The truth is that the people who are not able to generate "Alpha" are paid below these norms and are deemed replaceable. Many, many Ivy grads and math PhDs never get to the "two comma" compensation league. Yet to read your blog, it would appear as inevitable as standing on an escalator. That, of course, is what everyone wants to believe. Get your uncle/cousin/Frat Mate/etc. to help you get a job on Wall Street and you are set for life. Of course, the commonly held corollary to this is that you must relinquish your ethics upon getting the job.

There are enough examples of the above to fuel the fire and create a fever of 'burn the witch' mania. With a thread of truth to use as a base, it is easy to weave a whole cloth which grossly mis-generalizes an industry and at the same time panders to basely held beliefs.

So what am I saying, are people on Wall Street paid "too much"? Maybe. But unless we place salary caps on income, there is an open auction out there and salaries will go up and down based on demand. The same is true for actors, sport stars, etc. The salaries they earn are not based on intellectual or physical wattage expended in the transmission of their tasks. Rather, their income is based on the marginal revenue to the equity holders in the movie studios or sports franchises for paying up to get the best.

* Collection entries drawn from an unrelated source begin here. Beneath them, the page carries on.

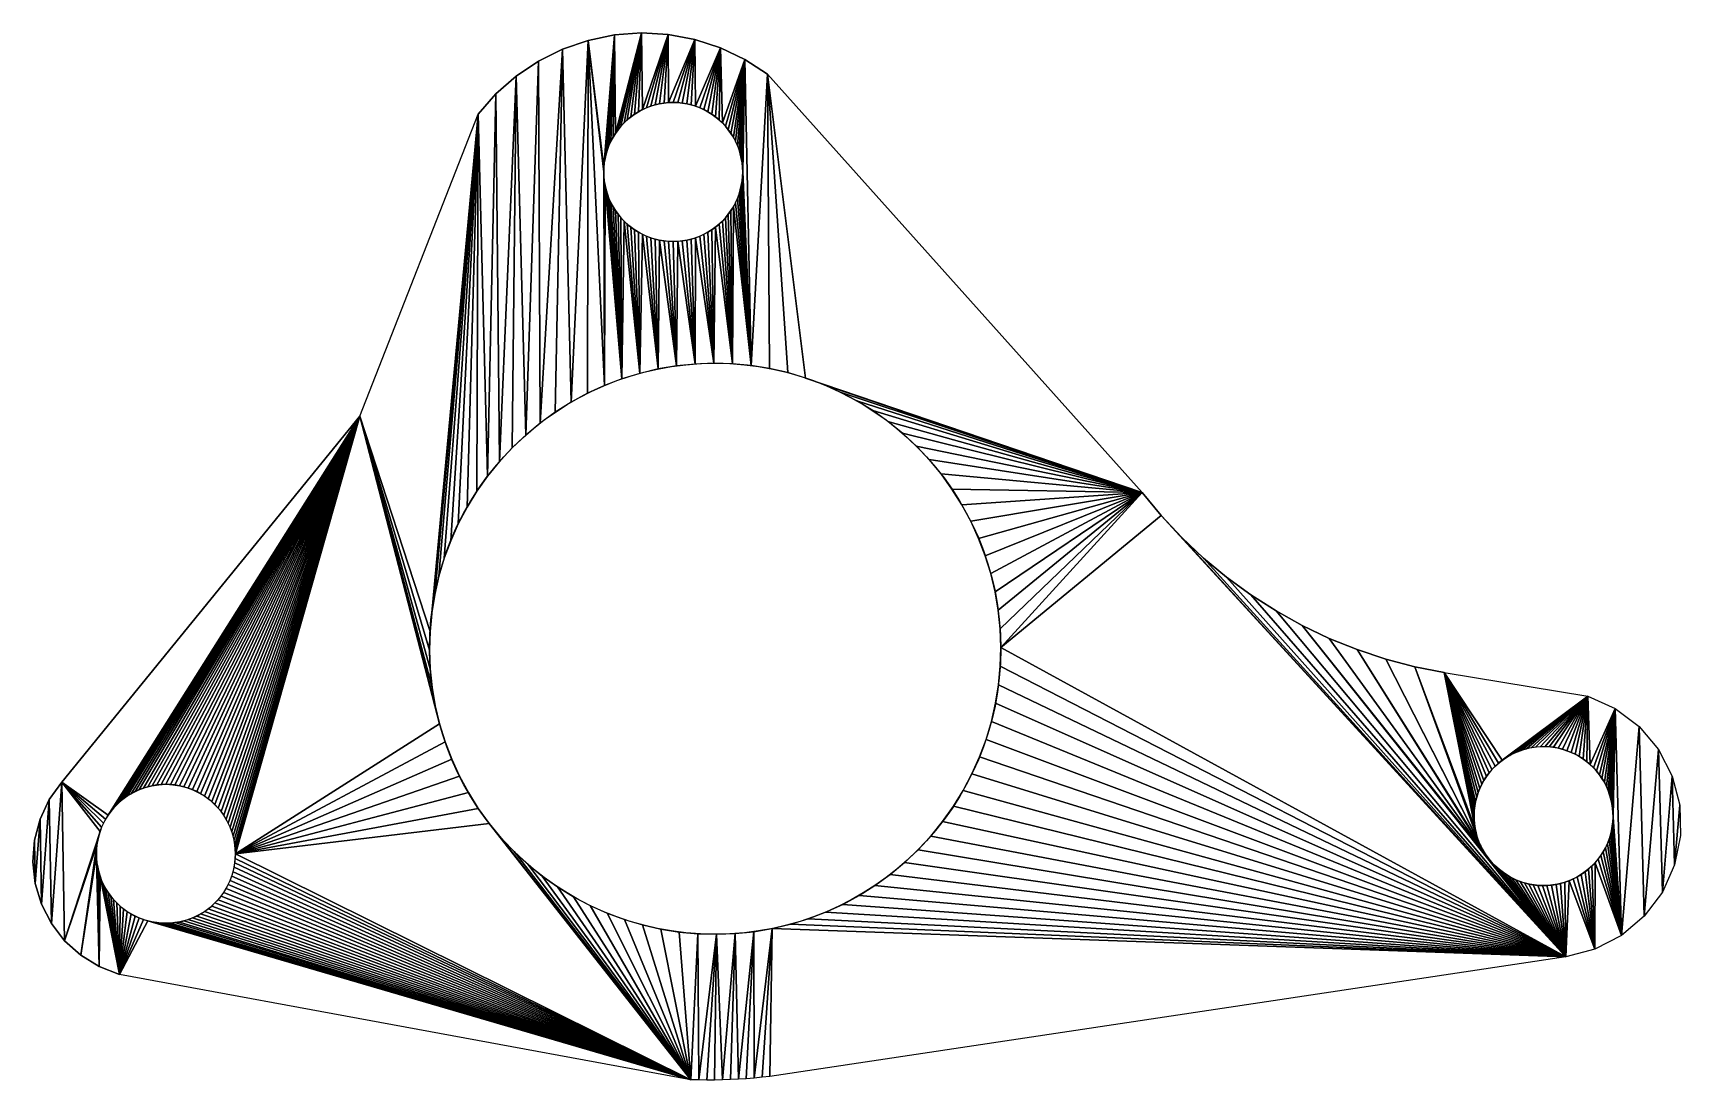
# Model space of a CAD drawing. Extents: x 1.808 to 2.397, y 1.744 to 2.03.
# Drawn here: x 2.2668 to 2.3972, y 1.7494 to 1.8322 of the extents above; entities that cross this region are included whole.
import ezdxf

# ---------------------------------------------------------------- set-up
doc = ezdxf.new("R2010")
doc.units = 0
doc.header["$MEASUREMENT"] = 0
doc.layers.get('0').update_dxf_attribs({"color": 13, "linetype": 'CONTINUOUS'})

msp = doc.modelspace()

# ---------------------------------------------------------------- linework, layer by layer
for p, q in [((2.31281, 1.83208), (2.31072, 1.83165)), ((2.31493, 1.83224), (2.31281, 1.83208)), ((2.31706, 1.83211), (2.31493, 1.83224)), ((2.31916, 1.83172), (2.31706, 1.83211)), ((2.3087, 1.83096), (2.30679, 1.83001)), ((2.31072, 1.83165), (2.3087, 1.83096)), ((2.32119, 1.83105), (2.31916, 1.83172)), ((2.32311, 1.83013), (2.32119, 1.83105)), ((2.30679, 1.83001), (2.30502, 1.82882)), ((2.3249, 1.82897), (2.32311, 1.83013)), ((2.30502, 1.82882), (2.30342, 1.82741)), ((2.3249, 1.82897), (2.35455, 1.79587)), ((2.30342, 1.82741), (2.30201, 1.82581)), ((2.29265, 1.80191), (2.30201, 1.82581)), ((2.29265, 1.80191), (2.26909, 1.77294)), ((2.35606, 1.79404), (2.35455, 1.79587)), ((2.35768, 1.7923), (2.35606, 1.79404)), ((2.35941, 1.79067), (2.35768, 1.7923)), ((2.36123, 1.78916), (2.35941, 1.79067)), ((2.36315, 1.78776), (2.36123, 1.78916)), ((2.36515, 1.78648), (2.36315, 1.78776)), ((2.36722, 1.78533), (2.36515, 1.78648)), ((2.36936, 1.78431), (2.36722, 1.78533)), ((2.37157, 1.78342), (2.36936, 1.78431)), ((2.37382, 1.78268), (2.37157, 1.78342)), ((2.37612, 1.78207), (2.37382, 1.78268)), ((2.37844, 1.78162), (2.37612, 1.78207)), ((2.37844, 1.78162), (2.38982, 1.77974)), ((2.26909, 1.77294), (2.26809, 1.77155)), ((2.26809, 1.77155), (2.26736, 1.76999)), ((2.26736, 1.76999), (2.26692, 1.76833)), ((2.26692, 1.76833), (2.2668, 1.76662)), ((2.2668, 1.76662), (2.26698, 1.76491)), ((2.26698, 1.76491), (2.26748, 1.76327)), ((2.26748, 1.76327), (2.26826, 1.76174)), ((2.26826, 1.76174), (2.2693, 1.76038)), ((2.2693, 1.76038), (2.27058, 1.75923)), ((2.27058, 1.75923), (2.27204, 1.75833)), ((2.38806, 1.7591), (2.3251, 1.74964)), ((2.27204, 1.75833), (2.27364, 1.75771)), ((2.31885, 1.74937), (2.27364, 1.75771)), ((2.31948, 1.74936), (2.31885, 1.74937)), ((2.3201, 1.74935), (2.31948, 1.74936)), ((2.32073, 1.74935), (2.3201, 1.74935)), ((2.32135, 1.74937), (2.32073, 1.74935)), ((2.32198, 1.74939), (2.32135, 1.74937)), ((2.32261, 1.74942), (2.32198, 1.74939)), ((2.32323, 1.74946), (2.32261, 1.74942)), ((2.32385, 1.74951), (2.32323, 1.74946)), ((2.32448, 1.74957), (2.32385, 1.74951)), ((2.3251, 1.74964), (2.32448, 1.74957))]:
    msp.add_line(p, q)
for centre, radius in [((2.31745, 1.82123), 0.0055), ((2.32077, 1.78349), 0.0226), ((2.38631, 1.77025), 0.0055), ((2.27731, 1.76726), 0.0055)]:
    msp.add_circle(centre, radius)

# ---------------------------------------------------------------- meshes
mesh = msp.add_polyface()
corners = [(2.31072, 1.83165), (2.31196, 1.82159), (2.31195, 1.82123), (2.31281, 1.83208), (2.312, 1.82195), (2.31206, 1.82231), (2.31214, 1.82266), (2.31224, 1.823), (2.31237, 1.82334), (2.31252, 1.82367), (2.31269, 1.82398), (2.31288, 1.82429), (2.31493, 1.83224), (2.31309, 1.82458), (2.31332, 1.82486), (2.31356, 1.82512), (2.31382, 1.82537), (2.3141, 1.8256), (2.31439, 1.82581), (2.3147, 1.826), (2.31502, 1.82617), (2.31706, 1.83211), (2.31535, 1.82631), (2.31568, 1.82644), (2.31603, 1.82655), (2.31638, 1.82663), (2.31673, 1.82669), (2.31709, 1.82672), (2.31916, 1.83172), (2.31745, 1.82673), (2.31781, 1.82672), (2.31817, 1.82669), (2.31852, 1.82663), (2.31887, 1.82655), (2.31922, 1.82644), (2.30277, 1.79716), (2.30201, 1.82581), (2.30342, 1.82741), (2.30371, 1.79831), (2.30502, 1.82882), (2.30579, 1.80041), (2.30679, 1.83001), (2.30693, 1.80136), (2.3087, 1.83096), (2.30938, 1.80301), (2.31068, 1.80371), (2.31202, 1.80433), (2.31196, 1.82087), (2.312, 1.82052), (2.31206, 1.82016), (2.3134, 1.80486), (2.31214, 1.81981), (2.31224, 1.81947), (2.31237, 1.81913), (2.31252, 1.8188), (2.31269, 1.81848), (2.31288, 1.81818), (2.31309, 1.81789), (2.31332, 1.81761), (2.31356, 1.81735), (2.31482, 1.80529), (2.31382, 1.8171), (2.3141, 1.81687), (2.31439, 1.81666), (2.3147, 1.81647)]
mesh.append_faces([[corners[k] for k in face] for face in [(1, 3, 4), (4, 3, 5), (5, 3, 6), (6, 3, 7), (7, 3, 8), (8, 3, 9), (9, 3, 10), (10, 3, 11), (11, 12, 13), (13, 12, 14), (14, 12, 15), (15, 12, 16), (16, 12, 17), (17, 12, 18), (18, 12, 19), (19, 12, 20), (20, 21, 22), (22, 21, 23), (23, 21, 24), (24, 21, 25), (25, 21, 26), (26, 21, 27), (27, 28, 29), (29, 28, 30), (30, 28, 31), (31, 28, 32), (32, 28, 33), (33, 28, 34), (44, 0, 45), (45, 0, 46)]], dxfattribs={"vtx0": -1, "vtx1": -1})
mesh.append_faces([[corners[k] for k in face] for face in [(46, 0, 2)]], dxfattribs={"vtx0": -1, "vtx1": -1, "vtx2": -1})
mesh.append_faces([[corners[k] for k in face] for face in [(0, 1, 2), (1, 0, 3), (11, 3, 12), (20, 12, 21), (27, 21, 28), (35, 36, 37), (38, 37, 39), (40, 39, 41), (42, 41, 43), (44, 43, 0), (46, 2, 47), (46, 47, 48), (46, 48, 49), (50, 49, 51), (50, 51, 52), (50, 52, 53), (50, 53, 54), (50, 54, 55), (50, 55, 56), (50, 56, 57), (50, 57, 58), (50, 58, 59), (60, 59, 61), (60, 61, 62), (60, 62, 63), (60, 63, 64)]], dxfattribs={"vtx0": -1, "vtx2": -1})
mesh = msp.add_polyface()
corners = [(2.27456, 1.77202), (2.29265, 1.80191), (2.27488, 1.77219), (2.27521, 1.77234), (2.27555, 1.77246), (2.27589, 1.77257), (2.27624, 1.77265), (2.2766, 1.77271), (2.27695, 1.77274), (2.27731, 1.77276), (2.27767, 1.77274), (2.27803, 1.77271), (2.27839, 1.77265), (2.27874, 1.77257), (2.27908, 1.77246), (2.27942, 1.77234), (2.27975, 1.77219), (2.28006, 1.77202), (2.29821, 1.78486), (2.29817, 1.78338), (2.30201, 1.82581), (2.29835, 1.78633), (2.29858, 1.78779), (2.29891, 1.78924), (2.29933, 1.79065), (2.29985, 1.79204), (2.30045, 1.79339), (2.30114, 1.7947), (2.30192, 1.79596), (2.30277, 1.79716), (2.30342, 1.82741), (2.30371, 1.79831), (2.30502, 1.82882), (2.30471, 1.7994), (2.30579, 1.80041), (2.30679, 1.83001), (2.30693, 1.80136), (2.3087, 1.83096), (2.30812, 1.80222), (2.30938, 1.80301), (2.31202, 1.80433), (2.31206, 1.82016), (2.3134, 1.80486), (2.31356, 1.81735), (2.31482, 1.80529), (2.3147, 1.81647), (2.31502, 1.8163), (2.31626, 1.80564), (2.31535, 1.81615), (2.31568, 1.81603), (2.31603, 1.81592), (2.31638, 1.81584), (2.31771, 1.80588), (2.31673, 1.81578), (2.31709, 1.81575), (2.31745, 1.81574), (2.31781, 1.81575), (2.31919, 1.80603), (2.31817, 1.81578), (2.31852, 1.81584), (2.31887, 1.81592), (2.31922, 1.81603), (2.29896, 1.77754), (2.28281, 1.76726), (2.29862, 1.77898), (2.29837, 1.78043), (2.29822, 1.7819)]
mesh.append_faces([[corners[k] for k in face] for face in [(0, 1, 2), (2, 1, 3), (3, 1, 4), (4, 1, 5), (5, 1, 6), (6, 1, 7), (7, 1, 8), (8, 1, 9), (9, 1, 10), (10, 1, 11), (11, 1, 12), (12, 1, 13), (13, 1, 14), (14, 1, 15), (15, 1, 16), (16, 1, 17), (18, 20, 21), (21, 20, 22), (22, 20, 23), (23, 20, 24), (24, 20, 25), (25, 20, 26), (26, 20, 27), (27, 20, 28), (28, 20, 29), (29, 30, 31), (31, 32, 33), (33, 32, 34), (34, 35, 36), (36, 37, 38), (38, 37, 39), (40, 41, 42), (42, 43, 44), (44, 46, 47), (47, 51, 52), (52, 56, 57), (62, 1, 64), (64, 1, 65), (65, 1, 66), (66, 1, 19)]], dxfattribs={"vtx0": -1, "vtx1": -1})
mesh.append_faces([[corners[k] for k in face] for face in [(62, 63, 1)]], dxfattribs={"vtx0": -1, "vtx1": -1, "vtx2": -1})
mesh.append_faces([[corners[k] for k in face] for face in [(1, 18, 19), (18, 1, 20), (44, 45, 46), (47, 46, 48), (47, 48, 49), (47, 49, 50), (47, 50, 51), (52, 51, 53), (52, 53, 54), (52, 54, 55), (52, 55, 56), (57, 56, 58), (57, 58, 59), (57, 59, 60), (57, 60, 61)]], dxfattribs={"vtx0": -1, "vtx2": -1})
mesh = msp.add_polyface()
corners = [(2.31922, 1.82644), (2.31916, 1.83172), (2.32119, 1.83105), (2.31955, 1.82631), (2.31988, 1.82617), (2.3202, 1.826), (2.3205, 1.82581), (2.3208, 1.8256), (2.32108, 1.82537), (2.32134, 1.82512), (2.32311, 1.83013), (2.32158, 1.82486), (2.32181, 1.82458), (2.32202, 1.82429), (2.32221, 1.82398), (2.32238, 1.82367), (2.32253, 1.82334), (2.32266, 1.823), (2.32276, 1.82266), (2.32284, 1.82231), (2.3229, 1.82195), (2.32294, 1.82159), (2.32295, 1.82123), (2.31919, 1.80603), (2.31922, 1.81603), (2.32066, 1.80609), (2.31955, 1.81615), (2.31988, 1.8163), (2.3202, 1.81647), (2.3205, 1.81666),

Shareholders at Goldman Sachs (including pension and mutual funds) have earned more dividends and seen their stock go higher because Goldman has the best traders. If you put a cap on their compensation structure because the numbers don't sit well with the general population, then the shareholders will suffer.

Regarding the comment below, I too think that Wall Street has seen its apogee in earnings. Margins will decrease and many of my colleagues on the trading floor will be replaced by electronic exchanges.

No doubt. We are flying closer to the sun and the wax is melting off the wings. In part, it is that risk that makes the rewards necessary."